Table 3. Camera mapping to generate \({y}_{i}\)

We set \({y}_{i}\) to be \({\mathbb{R}}^{1\times 12}\) since the final task of prediction is elbow angle of right and left in this paper. To compute right and left angle, we apply Eq. (1) landmark #12, #14, #16 for right elbow and #11, #13, #15 for left elbow angle, respectively. We divided \(D\) into train and test set applying ration 80% and 20%, respectively. Finally, we trained train set by applying MLR, and predicted \({y}_{i}\) after data learning (i.e., after all train steps).

4 Result Analysis

4.1 Prediction Performance in RMSE

We predict \({y}_{i}\) of test set (landmark #11, #12, #13, #14, #15, #16, #23 values) using \({x}_{i}\) of test set via MLR trained model. Let the predicted value be \({\widehat{y}}_{i}\). Then we compute RMSE errors between \({y}_{i}\) and \({\widehat{y}}_{i}\) using Eq. (2). The overall error is 0.07064 and the least error is 0.02726 shown in right wrist \(x\)-coordinate and the largest error is 0.11332 found in left elbow \(y\)-coordinate, respectively. The RMSE comparison is shown in Table 4 and visual representation is portrayed in Fig. 5.

Fig. 5.

Prediction RMSE errors between \({y}_{i}\) and \({\widehat{y}}_{i}\).

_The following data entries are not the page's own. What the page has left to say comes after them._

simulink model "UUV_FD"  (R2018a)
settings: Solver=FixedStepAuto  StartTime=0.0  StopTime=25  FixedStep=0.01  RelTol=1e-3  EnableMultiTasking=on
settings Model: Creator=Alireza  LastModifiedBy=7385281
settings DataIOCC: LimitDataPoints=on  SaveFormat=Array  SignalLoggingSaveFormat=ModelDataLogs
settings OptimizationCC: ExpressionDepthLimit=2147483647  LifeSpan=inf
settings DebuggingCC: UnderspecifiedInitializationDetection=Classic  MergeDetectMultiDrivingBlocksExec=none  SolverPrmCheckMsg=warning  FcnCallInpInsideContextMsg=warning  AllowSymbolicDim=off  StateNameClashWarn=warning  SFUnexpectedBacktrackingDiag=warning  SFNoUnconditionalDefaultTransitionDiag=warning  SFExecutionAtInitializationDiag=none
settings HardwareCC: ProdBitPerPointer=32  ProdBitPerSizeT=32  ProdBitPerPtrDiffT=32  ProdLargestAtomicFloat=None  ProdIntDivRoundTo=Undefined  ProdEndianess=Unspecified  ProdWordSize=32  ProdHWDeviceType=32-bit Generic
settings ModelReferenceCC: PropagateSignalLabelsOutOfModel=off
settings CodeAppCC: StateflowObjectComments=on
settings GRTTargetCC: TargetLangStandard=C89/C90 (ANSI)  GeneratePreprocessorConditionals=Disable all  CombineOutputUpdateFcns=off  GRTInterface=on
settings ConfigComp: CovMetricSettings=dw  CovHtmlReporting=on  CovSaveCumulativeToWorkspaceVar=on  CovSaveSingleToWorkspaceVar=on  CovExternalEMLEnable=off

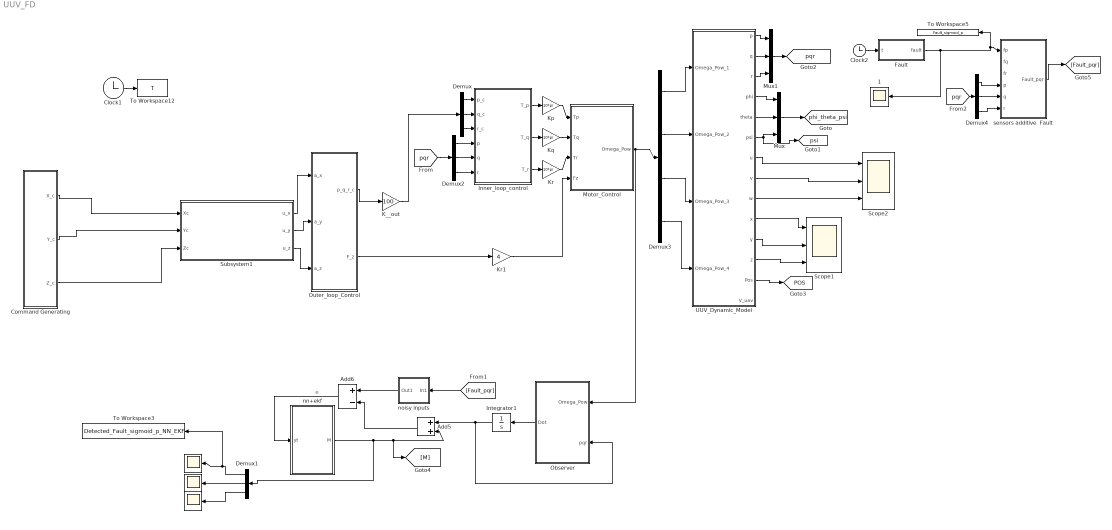
== system UUV_FD ==
  note: e
  "     " : Scope
  "      " : Scope
  "          " : Scope
  "     1" : Scope
  Add5 : Sum
  Add6 : Sum  Inputs=+-  OutDataTypeStr=Inherit: Same as accumulator
  Clock1 : Clock
  Clock2 : Clock
  Command Generating : Subsystem
  Demux{,1..2,4} (4 alike) : Demux  Outputs=3
  Demux3 : Demux
  Fault : MATLAB Function  TreatAsAtomicUnit=on
  Inner_loop_control : MATLAB Function  TreatAsAtomicUnit=on
  Integrator1 : Integrator  InitialCondition=[0.0001;0.0001;0.0001]
  K__out : Gain  Gain=100
  Kp : Gain  Gain=10*pi
  Kq : Gain  Gain=10*pi
  Kr : Gain  Gain=10*pi
  Kr1 : Gain  Gain=4
  Motor_Control : MATLAB Function  TreatAsAtomicUnit=on
  Mux : Mux  Inputs=3
  Mux1 : Mux  Inputs=3
  Observer : MATLAB Function  TreatAsAtomicUnit=on
  Outer_loop_Control : Subsystem
  Scope1 : Scope  NumInputPorts=3
  Scope2 : Scope  NumInputPorts=3
  Subsystem1 : Subsystem
  To Workspace12 : ToWorkspace  VariableName=T  SampleTime=-1
  To Workspace3 : ToWorkspace  VariableName=Detected_Fault_sigmoid_p_NN_EKF  SampleTime=-1
  To Workspace5 : ToWorkspace  VariableName=Fault_sigmoid_p  SampleTime=-1
  UUV_Dynamic_Model : Subsystem
  nn+ekf : Subsystem
  noisy inputs : Subsystem
  "sensors additive  Fault " : MATLAB Function  TreatAsAtomicUnit=on
  tag scope: POS=global, phi_theta_psi=global, pqr=global, psi=global
  wires:
  UUV_Dynamic_Model/4(phi) -> Mux/1
  UUV_Dynamic_Model/5(theta) -> Mux/2
  UUV_Dynamic_Model/6(psi) -> [psi], Mux/3
  Mux/1 -> [phi_theta_psi]
  Inner_loop_control/1(T_p) -> Kp/1
  Inner_loop_control/2(T_q) -> Kq/1
  Inner_loop_control/3(T_r) -> Kr/1
  UUV_Dynamic_Model/1(p) -> Mux1/1
  UUV_Dynamic_Model/2(q) -> Mux1/2
  UUV_Dynamic_Model/3(r) -> Mux1/3
  Mux1/1 -> [pqr]
  Demux2/1 -> Inner_loop_control/4(p)
  Demux2/2 -> Inner_loop_control/5(q)
  Demux2/3 -> Inner_loop_control/6(r)
  [pqr] -> Demux2/1
  K__out/1 -> Demux/1
  Demux/1 -> Inner_loop_control/1(p_c)
  Demux/2 -> Inner_loop_control/2(q_c)
  Demux/3 -> Inner_loop_control/3(r_c)
  UUV_Dynamic_Model/10(x) -> Scope1/1
  UUV_Dynamic_Model/11(y) -> Scope1/2
  UUV_Dynamic_Model/12(z) -> Scope1/3
  UUV_Dynamic_Model/7(u) -> Scope2/1
  UUV_Dynamic_Model/8(v) -> Scope2/2
  UUV_Dynamic_Model/9(w) -> Scope2/3
  UUV_Dynamic_Model/13(Pos) -> [POS]
  Motor_Control/1(Omega_Pow) -> Demux3/1, Observer/1(Omega_Pow)
  Demux3/1 -> UUV_Dynamic_Model/1(Omega_Pow_1)
  Demux3/3 -> UUV_Dynamic_Model/3(Omega_Pow_3)
  Demux3/4 -> UUV_Dynamic_Model/4(Omega_Pow_4)
  Kp/1 -> Motor_Control/1(Tp)
  Kq/1 -> Motor_Control/2(Tq)
  Kr/1 -> Motor_Control/3(Tr)
  Demux3/2 -> UUV_Dynamic_Model/2(Omega_Pow_2)
  Command Generating/1(X_c) -> Subsystem1/1(Xc)
  Command Generating/2(Y_c) -> Subsystem1/2(Yc)
  Command Generating/3(Z_c) -> Subsystem1/3(Zc)
  Clock1/1 -> To Workspace12/1
  Subsystem1/1(u_x) -> Outer_loop_Control/1(a_x)
  Subsystem1/2(u_y) -> Outer_loop_Control/2(a_y)
  Subsystem1/3(u_z) -> Outer_loop_Control/3(a_z)
  Outer_loop_Control/1(p_q_r_c) -> K__out/1
  Outer_loop_Control/2(F_z) -> Kr1/1
  Kr1/1 -> Motor_Control/4(Fz)
  "sensors additive  Fault "/1(Fault_pqr) -> [Fault_pqr]
  Fault/1(fault) -> To Workspace5/1, "sensors additive  Fault "/1(fp), "     1"/1
  Observer/1(Dot) -> Integrator1/1
  Integrator1/1 -> Add5/1, Observer/2(pqr)
  Add5/1 -> Add6/2
  Add6/1 -> nn+ekf/1(yt)
  nn+ekf/1(M) -> Add5/2, [M], Demux1/1
  Demux1/3 -> "          "/1
  Demux1/1 -> "     "/1, To Workspace3/1
  Demux1/2 -> "      "/1
  [Fault_pqr] -> noisy inputs/1(In1)
  noisy inputs/1(Out1) -> Add6/1
  [pqr] -> Demux4/1
  Demux4/3 -> "sensors additive  Fault "/6(r)
  Demux4/2 -> "sensors additive  Fault "/5(q)
  Demux4/1 -> "sensors additive  Fault "/4(p)
  Clock2/1 -> Fault/1(t)

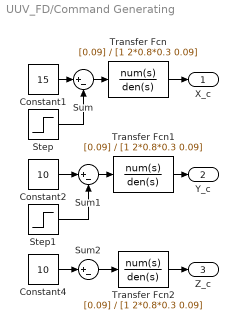
== system UUV_FD/Command Generating ==
  Constant1 : Constant  Value=15
  Constant2 : Constant  Value=10
  Constant4 : Constant  Value=10
  Step : Step  Time=30  After=15  SampleTime=0
  Step1 : Step  Time=15  After=10  SampleTime=0
  Sum : Sum  Inputs=|+-
  Sum1 : Sum  Inputs=|+-
  Sum2 : Sum  Inputs=|+-
  Transfer Fcn : TransferFcn  Numerator=[0.09]  Denominator=[1 2*0.8*0.3 0.09]
  Transfer Fcn1 : TransferFcn  Numerator=[0.09]  Denominator=[1 2*0.8*0.3 0.09]
  Transfer Fcn2 : TransferFcn  Numerator=[0.09]  Denominator=[1 2*0.8*0.3 0.09]
  X_c : Outport
  Y_c : Outport  Port=2
  Z_c : Outport  Port=3
  wires:
  Constant4/1 -> Sum2/1
  Transfer Fcn1/1 -> Y_c/1
  Transfer Fcn/1 -> X_c/1
  Constant2/1 -> Sum1/1
  Constant1/1 -> Sum/1
  Step/1 -> Sum/2
  Sum/1 -> Transfer Fcn/1
  Sum1/1 -> Transfer Fcn1/1
  Sum2/1 -> Transfer Fcn2/1
  Step1/1 -> Sum1/2
  Transfer Fcn2/1 -> Z_c/1

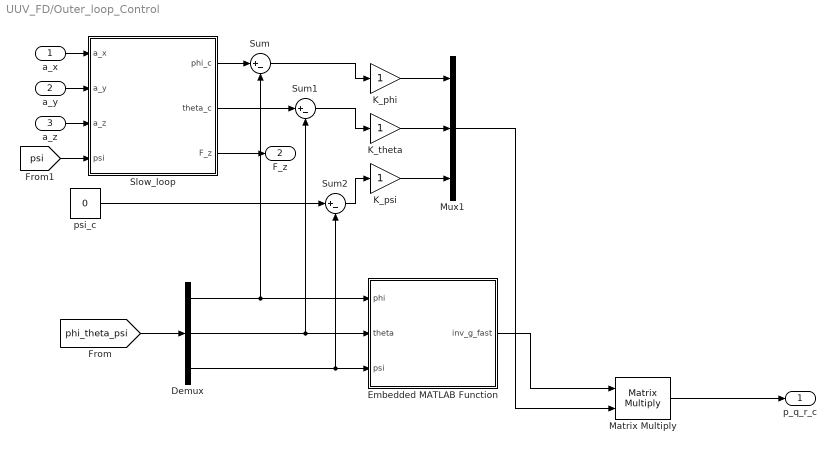
== system UUV_FD/Outer_loop_Control ==
  a_x : Inport
  a_y : Inport  Port=2
  a_z : Inport  Port=3
  Demux : Demux  Outputs=3
  Embedded MATLAB Function : MATLAB Function  TreatAsAtomicUnit=on
  K_phi : Gain
  K_psi : Gain
  K_theta : Gain
  Matrix Multiply : Product  Multiplication=Matrix(*)
  Mux1 : Mux  Inputs=3
  Slow_loop : MATLAB Function  TreatAsAtomicUnit=on
  Sum : Sum  Inputs=|+-
  Sum1 : Sum  Inputs=|+-
  Sum2 : Sum  Inputs=|+-
  psi_c : Constant  Value=0
  p_q_r_c : Outport
  F_z : Outport  Port=2
  wires:
  Sum1/1 -> K_theta/1
  Slow_loop/2(theta_c) -> Sum1/1
  Sum/1 -> K_phi/1
  Slow_loop/1(phi_c) -> Sum/1
  [phi_theta_psi] -> Demux/1
  Demux/1 -> Embedded MATLAB Function/1(phi), Sum/2
  Demux/2 -> Embedded MATLAB Function/2(theta), Sum1/2
  Demux/3 -> Embedded MATLAB Function/3(psi), Sum2/2
  psi_c/1 -> Sum2/1
  Sum2/1 -> K_psi/1
  [psi] -> Slow_loop/4(psi)
  K_phi/1 -> Mux1/1
  K_theta/1 -> Mux1/2
  K_psi/1 -> Mux1/3
  a_x/1 -> Slow_loop/1(a_x)
  a_y/1 -> Slow_loop/2(a_y)
  a_z/1 -> Slow_loop/3(a_z)
  Mux1/1 -> Matrix Multiply/2
  Slow_loop/3(F_z) -> F_z/1
  Embedded MATLAB Function/1(inv_g_fast) -> Matrix Multiply/1
  Matrix Multiply/1 -> p_q_r_c/1

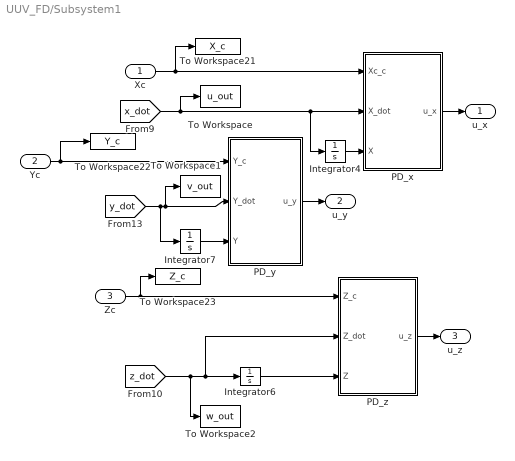
== system UUV_FD/Subsystem1 ==
  Xc : Inport
  Yc : Inport  Port=2
  Zc : Inport  Port=3
  Integrator4 : Integrator
  Integrator6 : Integrator
  Integrator7 : Integrator
  PD_x : Subsystem
  PD_y : Subsystem
  PD_z : Subsystem
  To Workspace : ToWorkspace  VariableName=u_out  SampleTime=-1
  To Workspace1 : ToWorkspace  VariableName=v_out  SampleTime=-1
  To Workspace2 : ToWorkspace  VariableName=w_out  SampleTime=-1
  To Workspace21 : ToWorkspace  VariableName=X_c  SampleTime=-1
  To Workspace22 : ToWorkspace  VariableName=Y_c  SampleTime=-1
  To Workspace23 : ToWorkspace  VariableName=Z_c  SampleTime=-1
  u_x : Outport
  u_y : Outport  Port=2
  u_z : Outport  Port=3
  wires:
  PD_z/1(u_z) -> u_z/1
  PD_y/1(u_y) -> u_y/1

Table 4. Prediction RMSE errors between \({y}_{i}\) and \({\widehat{y}}_{i}\).

4.2 Prediction Errors Between Left- and Right-Hand

To compare the prediction behavior between right and left, we report scatter plots of shoulder and elbow in Fig. 6. We omit other plots due to the page limit.

Fig. 6.

Comparison prediction errors between left- and right-hand.

4.3 Performance of ROM Measurement

Since elbow angles is only considered among ROM in this study, we averaged all RMSEs using observed coordinates and predicted coordinates via MLR, respectively. Note that the ground truth is \({y}_{angle\_from\_groundTruth}\) using \(y\) in Sect. 3 and we have two types of \(\widehat{y}\) such that \({\widehat{y}}_{angle\_from\_observe}\) and \({\widehat{y}}_{angle\_form\_MLR}\) for angle comparison. The comparison between two angle estimation is reported in Table 5.

Table 5. Prediction RMSE errors between elbow angle estimation approach.

5 Conclusions

It is an important task to estimate ROMs as accurate as possible in rehabilitation exercise. Since the computer vision technology is plausible to apply into detecting human landmarks, it is promising in motion analysis in that cost effective and time saving. However, detecting and measuring the landmarks is not trivial yet. We addressed the way of measuring ROMs facilitating machine learning approach. In this paper, simple MLR is used to learn human elbow angle based on data. We developed how the machine learning approaches can be used and generate training and test dataset. Even though the test cases and test subjects are limited, we think the possibility of our approach could be addressed sufficiently. After implementation and experiments, we showed that machine learning based ROM estimation is possible approach in terms of enhancing the accuracy. If more enhanced algorithm is tested and evaluated in our domain, the better enhancement will be achieved. We leave this as our future research.